The book was a finalist for a Gerald Loeb Award for distinguished business and financial journalism in the category of business books in 2008. It was also a James Beard Foundation finalist that year in the category of books on wine and spirits. BusinessWeek picked it as one of the top ten business books of the year for 2007. New York Times wine writer Eric Asimov wrote about it: “Call it Greek tragedy or Shakespearean drama, Biblical strife, Freudian acting out or even soap opera. You wouldn’t be exaggerating, and you wouldn’t be wrong." It also received criticism for focusing on the salacious.

== Lost Kingdom ==
In 2011, Siler published Lost Kingdom: Hawaii's Last Queen, the Sugar Kings, and America's First Imperial Adventure, a narrative history of the overthrow of Hawaii's Queen Liliuokalani. Lost Kingdom was a 2011 Northern California bestseller. It was also a New York Times bestseller. In Fortune magazine, Nin-Hai Tseng wrote “The story of an island grappling to hold onto traditions in the face of burgeoning capitalist powers... Siler gives us a riveting and intimate look at the rise and tragic fall of Hawaii’s royal family."

==The White Devil's Daughters ==
In May 2019, Alfred A. Knopf, a Penguin Random House imprint, published The White Devil’s Daughters: The Women Who Fought Slavery in San Francisco’s Chinatown, a narrative history of the trafficking of Asian girls and women that flourished in the West during the first hundred years of Chinese immigration. The book focuses on San Francisco’s Occidental Mission Home, a “safe house” that opened in 1874 for enslaved and vulnerable Chinese women and girls. The book also shines a light on Donaldina (Dolly) Cameron, who rescued more than 60 mostly Chinese girls, women and babies to a shelter in San Anselmo.

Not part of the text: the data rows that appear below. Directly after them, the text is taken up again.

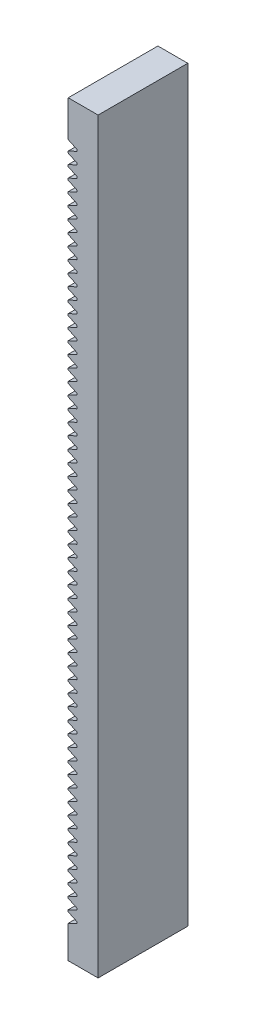
from build123d import *

# Parameters (mm, degrees)
EXTRUDE1_DEPTH = 24


with BuildPart() as part:
    # Sketch1 → Extrude1 (new body)
    with BuildSketch(Plane.XY):
        Polygon((-39.802495292, 39.802495292), (-39.802495292, 30.102495292), (-37.502495292, 29.032495292), (-37.502495292, 28.532495292), (-39.802495292, 27.462495292), (-39.802495292, 26.962495292), (-37.502495292, 25.892495292), (-37.502495292, 25.392495292), (-39.802495292, 24.322495292), (-39.802495292, 23.822495292), (-37.502495292, 22.752495292), (-37.502495292, 22.252495292), (-39.802495292, 21.182495292), (-39.802495292, 20.682495292), (-37.502495292, 19.612495292), (-37.502495292, 19.112495292), (-39.802495292, 18.042495292), (-39.802495292, 17.542495292), (-37.502495292, 16.472495292), (-37.502495292, 15.972495292), (-39.802495292, 14.902495292), (-39.802495292, 14.402495292), (-37.502495292, 13.332495292), (-37.502495292, 12.832495292), (-39.802495292, 11.762495292), (-39.802495292, 11.262495292), (-37.502495292, 10.192495292), (-37.502495292, 9.692495292), (-39.802495292, 8.622495292), (-39.802495292, 8.122495292), (-37.502495292, 7.052495292), (-37.502495292, 6.552495292), (-39.802495292, 5.482495292), (-39.802495292, 4.982495292), (-37.502495292, 3.912495292), (-37.502495292, 3.412495292), (-39.802495292, 2.342495292), (-39.802495292, 1.842495292), (-37.502495292, 0.772495292), (-37.502495292, 0.272495292), (-39.802495292, -0.797504708), (-39.802495292, -1.297504708), (-37.502495292, -2.367504708), (-37.502495292, -2.867504708), (-39.802495292, -3.937504708), (-39.802495292, -4.437504708), (-37.502495292, -5.507504708), (-37.502495292, -6.007504708), (-39.802495292, -7.077504708), (-39.802495292, -7.577504708), (-37.502495292, -8.647504708), (-37.502495292, -9.147504708), (-39.802495292, -10.217504708), (-39.802495292, -10.717504708), (-37.502495292, -11.787504708), (-37.502495292, -12.287504708), (-39.802495292, -13.357504708), (-39.802495292, -13.857504708), (-37.502495292, -14.927504708), (-37.502495292, -15.427504708), (-39.802495292, -16.497504708), (-39.802495292, -16.997504708), (-37.502495292, -18.067504708), (-37.502495292, -18.567504708), (-39.802495292, -19.637504708), (-39.802495292, -20.137504708), (-37.502495292, -21.207504708), (-37.502495292, -21.707504708), (-39.802495292, -22.777504708), (-39.802495292, -23.277504708), (-37.502495292, -24.347504708), (-37.502495292, -24.847504708), (-39.802495292, -25.917504708), (-39.802495292, -26.417504708), (-37.502495292, -27.487504708), (-37.502495292, -27.987504708), (-39.802495292, -29.057504708), (-39.802495292, -29.557504708), (-37.502495292, -30.627504708), (-37.502495292, -31.127504708), (-39.802495292, -32.197504708), (-39.802495292, -32.697504708), (-37.502495292, -33.767504708), (-37.502495292, -34.267504708), (-39.802495292, -35.337504708), (-39.802495292, -35.837504708), (-37.502495292, -36.907504708), (-37.502495292, -37.407504708), (-39.802495292, -38.477504708), (-39.802495292, -38.977504708), (-37.502495292, -40.047504708), (-37.502495292, -40.547504708), (-39.802495292, -41.617504708), (-39.802495292, -42.117504708), (-37.502495292, -43.187504708), (-37.502495292, -43.687504708), (-39.802495292, -44.757504708), (-39.802495292, -45.257504708), (-37.502495292, -46.327504708), (-37.502495292, -46.827504708), (-39.802495292, -47.897504708), (-39.802495292, -48.397504708), (-37.502495292, -49.467504708), (-37.502495292, -49.967504708), (-39.802495292, -51.037504708), (-39.802495292, -51.537504708), (-37.502495292, -52.607504708), (-37.502495292, -53.107504708), (-39.802495292, -54.177504708), (-39.802495292, -54.677504708), (-37.502495292, -55.747504708), (-37.502495292, -56.247504708), (-39.802495292, -57.317504708), (-39.802495292, -57.817504708), (-37.502495292, -58.887504708), (-37.502495292, -59.387504708), (-39.802495292, -60.457504708), (-39.802495292, -60.957504708), (-37.502495292, -62.027504708), (-37.502495292, -62.527504708), (-39.802495292, -63.597504708), (-39.802495292, -64.097504708), (-37.502495292, -65.167504708), (-37.502495292, -65.667504708), (-39.802495292, -66.737504708), (-39.802495292, -67.237504708), (-37.502495292, -68.307504708), (-37.502495292, -68.807504708), (-39.802495292, -69.877504708), (-39.802495292, -70.377504708), (-37.502495292, -71.447504708), (-37.502495292, -71.947504708), (-39.802495292, -73.017504708), (-39.802495292, -73.517504708), (-37.502495292, -74.587504708), (-37.502495292, -75.087504708), (-39.802495292, -76.157504708), (-39.802495292, -76.657504708), (-37.502495292, -77.727504708), (-37.502495292, -78.227504708), (-39.802495292, -79.297504708), (-39.802495292, -79.797504708), (-37.502495292, -80.867504708), (-37.502495292, -81.367504708), (-39.802495292, -82.437504708), (-39.802495292, -82.937504708), (-37.502495292, -84.007504708), (-37.502495292, -84.507504708), (-39.802495292, -85.577504708), (-39.802495292, -86.077504708), (-37.502495292, -87.147504708), (-37.502495292, -87.647504708), (-39.802495292, -88.717504708), (-39.802495292, -89.217504708), (-37.502495292, -90.287504708), (-37.502495292, -90.787504708), (-39.802495292, -91.857504708), (-39.802495292, -92.357504708), (-37.502495292, -93.427504708), (-37.502495292, -93.927504708), (-39.802495292, -94.997504708), (-39.802495292, -95.497504708), (-37.502495292, -96.567504708), (-37.502495292, -97.067504708), (-39.802495292, -98.137504708), (-39.802495292, -98.637504708), (-37.502495292, -99.707504708), (-37.502495292, -100.207504708), (-39.802495292, -101.277504708), (-39.802495292, -101.777504708), (-37.502495292, -102.847504708), (-37.502495292, -103.347504708), (-39.802495292, -104.417504708), (-39.802495292, -104.917504708), (-37.502495292, -105.987504708), (-37.502495292, -106.487504708), (-39.802495292, -107.557504708), (-39.802495292, -108.057504708), (-37.502495292, -109.127504708), (-37.502495292, -109.627504708), (-39.802495292, -110.697504708), (-39.802495292, -111.197504708), (-37.502495292, -112.267504708), (-37.502495292, -112.767504708), (-39.802495292, -113.837504708), (-39.802495292, -114.337504708), (-37.502495292, -115.407504708), (-37.502495292, -115.907504708), (-39.802495292, -116.977504708), (-39.802495292, -117.477504708), (-37.502495292, -118.547504708), (-37.502495292, -119.047504708), (-39.802495292, -120.117504708), (-39.802495292, -120.617504708), (-37.502495292, -121.687504708), (-37.502495292, -122.187504708), (-39.802495292, -123.257504708), (-39.802495292, -123.757504708), (-37.502495292, -124.827504708), (-37.502495292, -125.327504708), (-39.802495292, -126.397504708), (-39.802495292, -126.897504708), (-37.502495292, -127.967504708), (-37.502495292, -128.467504708), (-39.802495292, -129.537504708), (-39.802495292, -130.037504708), (-37.502495292, -131.107504708), (-37.502495292, -131.607504708), (-39.802495292, -132.677504708), (-39.802495292, -133.177504708), (-37.502495292, -134.247504708), (-37.502495292, -134.747504708), (-39.802495292, -135.817504708), (-39.802495292, -136.317504708), (-37.502495292, -137.387504708), (-37.502495292, -137.887504708), (-39.802495292, -138.957504708), (-39.802495292, -139.457504708), (-37.502495292, -140.527504708), (-37.502495292, -141.027504708), (-39.802495292, -142.097504708), (-39.802495292, -142.597504708), (-37.502495292, -143.667504708), (-37.502495292, -144.167504708), (-39.802495292, -145.237504708), (-39.802495292, -145.737504708), (-37.502495292, -146.807504708), (-37.502495292, -147.307504708), (-39.802495292, -148.377504708), (-39.802495292, -148.877504708), (-37.502495292, -149.947504708), (-37.502495292, -150.447504708), (-39.802495292, -151.517504708), (-39.802495292, -160.197504708), (-31.802495292, -160.197504708), (-31.802495292, 39.802495292), align=None)
    extrude(amount=-EXTRUDE1_DEPTH)


solid = part.part

Siler “vividly recounts a shocking episode from America’s past in this gripping history,” wrote Publishers Weekly. "It will fascinate readers interested in the history of women, immigration, and racism.” In its starred review, Kirkus Reviews called The White Devil's Daughters "An accessible, well-written, riveting tale of a dismal, little-known corner of American history." The White Devil's Daughters was selected as an Editors' Choice pick by the New York Times Book Review. The Commonwealth Club of California named The White Devil's Daughters as a finalist for a 2019 California Book Award, and The California Independent Bookseller Alliance granted 2019 "Golden Poppy" awards to The White Devil's Daughters in the non-fiction and regional categories.

==Other work==
In addition to her books and long-form journalism, Siler has written travel features for The Wall Street Journal, including “A Walking Tour Worthy of a Jane Austen Novel” and “A Scottish Scare: Visiting the Scotland That Inspired Mary Shelley’s Frankenstein.”

She has also contributed reported essays to National Geographic on subjects including rowing and health, religion and happiness, and human flourishing.

In 2025, Siler delivered a TEDx talk titled Singing Together, which discusses group singing in relation to health, social connection, and spirituality.

Beginning in 2026, Siler is scheduled to direct the Jeniam Conversations literary series at the Oxford Centre for Life-Writing at Wolfson College, University of Oxford. She also serves as Nonfiction Director of the Community of Writers.